With our first baby, the whole, new, blessed World of Baby had opened up.  In addition to learning about pregnancy, we read all about new baby care and baby gear.  What things would we need?  We eagerly questioned seasoned parents, made lists, and went on shopping trips.  Cribs, highchairs, strollers, car seats, Boppy pillows, pumps, bibs, baby clothes--we needed it all, and obtaining the gear was definitely a focus in preparing for baby.

While expecting babies #2 and #3, the focus of preparation was quite different.  We had our stash of baby basics, and the name of the game was replacing what was worn-out, and finding a few, fun, new things.  With #2, we acquired a second crib, which also came in handy when #3 was coming along.  In each of these cases, we also needed to do some switching around of bedrooms, sending the newly-usurped, baby-now-toddler into a downstairs bedroom to open up the upstairs nursery for the newborn.  This, of course, was a fairly big deal...or at least it seemed like it back then.  As mama, I felt a little sadness over the toddler's deportation.  This was quickly abated by the satisfaction given to my nesting instinct, however! 

Those of you who have known us for awhile, probably know we thought we were "done" at that point.  (HA!  That is such a funny thought now!)  Three sons filled the three extra bedrooms in our home.  As baby #3 grew into a pre-schooler, I tearily cleaned out the nursery.  We sold the cribs; in fact, we gave away or sold nearly everything "baby."  We sent our preschooler downstairs to share bunk beds in a room with a brother, and enjoyed the novelty of a bedroom-turned-school room for some time.  Soon we packed all three of the boys into the same bedroom so that, wonder of wonders, we could have TWO extra rooms.  Right around that time, we received the gift of an unexpected blessing--son #4 growing inside, biding his time until joining in on the fun that is Boyland! 

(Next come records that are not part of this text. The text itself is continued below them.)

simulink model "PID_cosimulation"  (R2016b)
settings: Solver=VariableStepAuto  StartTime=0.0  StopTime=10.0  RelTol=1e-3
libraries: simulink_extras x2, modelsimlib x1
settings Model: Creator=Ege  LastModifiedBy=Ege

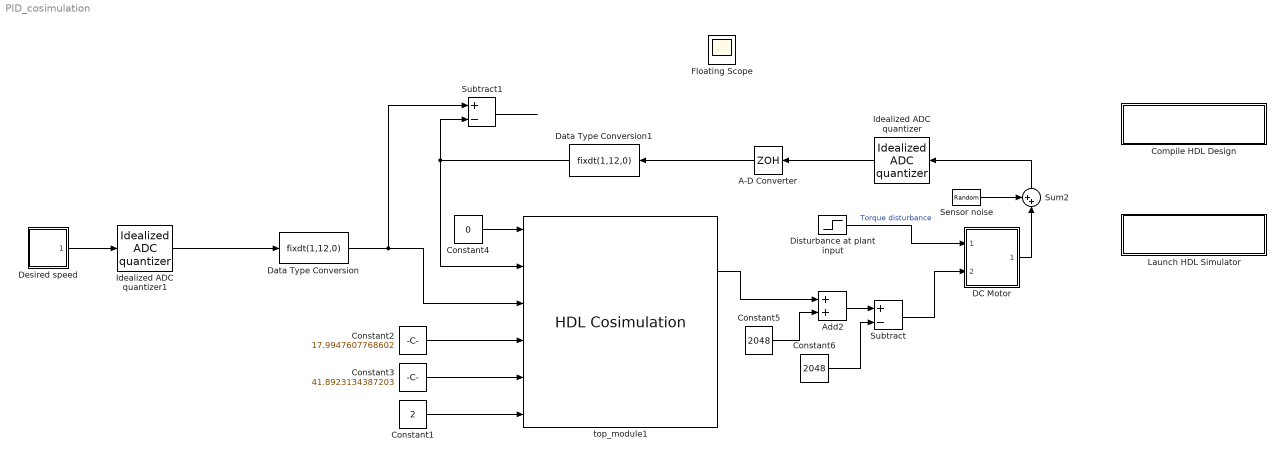
== system PID_cosimulation ==
  " Disturbance at plant input" : Step  Time=5  After=0.2  SampleTime=0
  A-D Converter : ZeroOrderHold  SampleTime=0.02
  Add2 : Sum  AccumDataTypeStr=fixdt(0,12,0)  OutDataTypeStr=double
  Compile HDL Design : Subsystem
      settings: OpenFcn=eval('compile_hdl_design_top_module');
      mask Display: disp(['Double-Click to' char(10) 'compile HDL files'])
  Constant1 : Constant  Value=2  OutDataTypeStr=fixdt(1,32,18)
  Constant2 : Constant  Value=17.9947607768602  OutDataTypeStr=fixdt(1,32,18, 'DataTypeOverride', 'Off')
  Constant3 : Constant  Value=41.8923134387203  OutDataTypeStr=fixdt(1,32,18)
  Constant4 : Constant  Value=0  OutDataTypeStr=fixdt(0,1,0, 'DataTypeOverride', 'Off')
  Constant5 : Constant  Value=2048  OutDataTypeStr=fixdt(0,12,0)
  Constant6 : Constant  Value=2048  OutDataTypeStr=double
  DC Motor : Subsystem  mask(DC Motor){b=0.1, J=0.01, K=0.01, R=1, L=0.5}
      mask prompts: b "Damping:"; J "Inertia:"; K "Back EMF:"; R "Resistance:"; L "Inductance:"
      mask help: An ideal model of a DC Motor
      mask Help: This is <b>more elaborate<b> help.
      mask Display: image(imread('dcmotor.jpg'))
  Data Type Conversion : DataTypeConversion  OutDataTypeStr=fixdt(1,12,0)
  Data Type Conversion1 : DataTypeConversion  OutDataTypeStr=fixdt(1,12,0)
  Desired speed : Subsystem
  Floating Scope : Scope
      settings: Floating=on
  Idealized ADC quantizer : simulink_extras/Additional Discrete/Idealized ADC quantizer  NumberOfConverterBits=12  Vmin=-5  Vmax=5  OutputDataType=int16  OutputNegativeValues=on
  Idealized ADC quantizer1 : simulink_extras/Additional Discrete/Idealized ADC quantizer  NumberOfConverterBits=12  Vmin=-5  Vmax=5  OutputDataType=int16  OutputNegativeValues=on
  Launch HDL Simulator : Subsystem
      settings: OpenFcn=eval('launch_hdl_simulator_top_module');
      mask Display: disp(['Double-Click to' char(10) 'launch HDL simulator'])
  Sensor noise : RandomNumber  Variance=0.05  SampleTime=0.02
  Subtract : Sum  Inputs=+-  AccumDataTypeStr=double  OutDataTypeStr=double
  Subtract1 : Sum  Inputs=+-  AccumDataTypeStr=double  OutDataTypeStr=double
  Sum2 : Sum  Inputs=++|
  top_module1 : modelsimlib/HDL Cosimulation  PortPaths=/top_module/i_reset;/top_module/i_feedback;/top_module/i_reference;/top_module/i_kp;/top_module/i_ki;/top_module/i_kd;/top_module/o_output;/top_module/o_overflow  PortModes=[1 1 1 1 1 1 2 2 ]  PortTimes=[-1,-1,-1,-1,-1,-1,0.001,1]  PortSigns=[-1 -1 -1 -1 -1 -1 -1 -1 ]  PortFracLengths=[0,0,0,0,0,0,0,0]  CommLocal=on  CommSharedMemory=off  CommPortNumber=61934  CommShowInfo=on  ClockModes=[]  ClockTimes=[]  TclPreSimCommand=|  TclPostSimCommand=|  TimingMode=s  TimingScaleFactor=0.0001  idxCellArray={'UNUSED_VAR'}  CosimBypass=Full Simulation  AllowDirectFeedthrough=on  ProductName=EDA Simulator Link MQ  RunAutoTimescale=off  HdlClocks=/top_module/i_clk 10 ns;/top_module/i_adc_clk 10 ns;  PreRunTime=0  PreRunTimeUnit=ns
      TclPreSimCommand=|
      | force /top_module/i_clk 0 0 ns, 1 1 ns -repeat 2 ns;
      | force /top_module/i_adc_clk 0 0 ns, 1 5 ns -repeat 10 ns;
      TclPostSimCommand=|
      | noforce /top_module/i_adc_clk;
      | noforce /top_module/i_clk;
      | puts "done";
  wires:
  Idealized ADC quantizer/1 -> A-D Converter/1
  Desired speed/1(Speed) -> Idealized ADC quantizer1/1
  Constant1/1 -> top_module1/6
  Constant2/1 -> top_module1/4
  A-D Converter/1 -> Data Type Conversion1/1
  Idealized ADC quantizer1/1 -> Data Type Conversion/1
  top_module1/1 -> Add2/1
  Constant5/1 -> Add2/2
  Add2/1 -> Subtract/1
  Subtract/1 -> DC Motor/2(Voltage)
  Constant6/1 -> Subtract/2
  Subtract1/1 -> ?
  Data Type Conversion/1 -> Subtract1/1, top_module1/3
  Data Type Conversion1/1 -> top_module1/2, Subtract1/2
  " Disturbance at plant input"/1 -> DC Motor/1(Torque)  "Torque disturbance"
  Sensor noise/1 -> Sum2/1
  DC Motor/1(Speed) -> Sum2/2
  Sum2/1 -> Idealized ADC quantizer/1
  Constant3/1 -> top_module1/5
  Constant4/1 -> top_module1/1

== system PID_cosimulation/Compile HDL Design ==

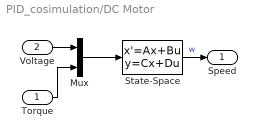
== system PID_cosimulation/DC Motor ==
  Torque : Inport
  Voltage : Inport  Port=2
  Mux : Mux  Inputs=2
  State-Space : StateSpace  A=[-b/J K/J; -K/L -R/L]  B=[0 -1/J; 1/L 0]  C=[1 0]  D=[0 0]  X0=0
  Speed : Outport
  wires:
  Mux/1 -> State-Space/1
  Voltage/1 -> Mux/1
  State-Space/1 -> Speed/1  "w"
  Torque/1 -> Mux/2

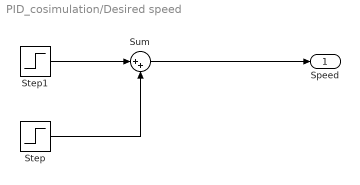
== system PID_cosimulation/Desired speed ==
  Step : Step  Time=7  After=-4  SampleTime=0.02
  Step1 : Step  After=2  SampleTime=0.02
  Sum : Sum  Inputs=|++
  Speed : Outport
  wires:
  Step/1 -> Sum/2
  Step1/1 -> Sum/1
  Sum/1 -> Speed/1

== system PID_cosimulation/Launch HDL Simulator ==

With #4 on the way, we needed to re-acquire the baby stuff.  This time, however, we were pretty choosey about what we wanted to bring into the house.  It had to be necessary.  It had to be SMALL.  We did not want fifteen musical toys, nor did we want most of the baby bells & whistles.  There just wasn't room.  It became apparent that the three growing boys who shared a bedroom were packed in there fairly tight with all their stuff.  Also, bedtime was becoming...interesting....with all the goofiness and banging and clanging.  What was going on?  Were we lenient parents with undisciplined children?  No.  I've actually been coined a "tough mom" and just recently found out that the exuberant children are intentionally placed in my Vacation Bible School class.  The banging and clanging and never-going-to-sleeping was simply due to the Rule of Multiple Boys, which is--the more boys you have in a row, the louder and crazier and more competitive things become.  Quite simply, they always think someone else is going to be blamed for the deed.  BUT let us return to the case in point, which is baby preparation.  With baby #4 preparation was about basic baby needs, and rearranging for maximum space!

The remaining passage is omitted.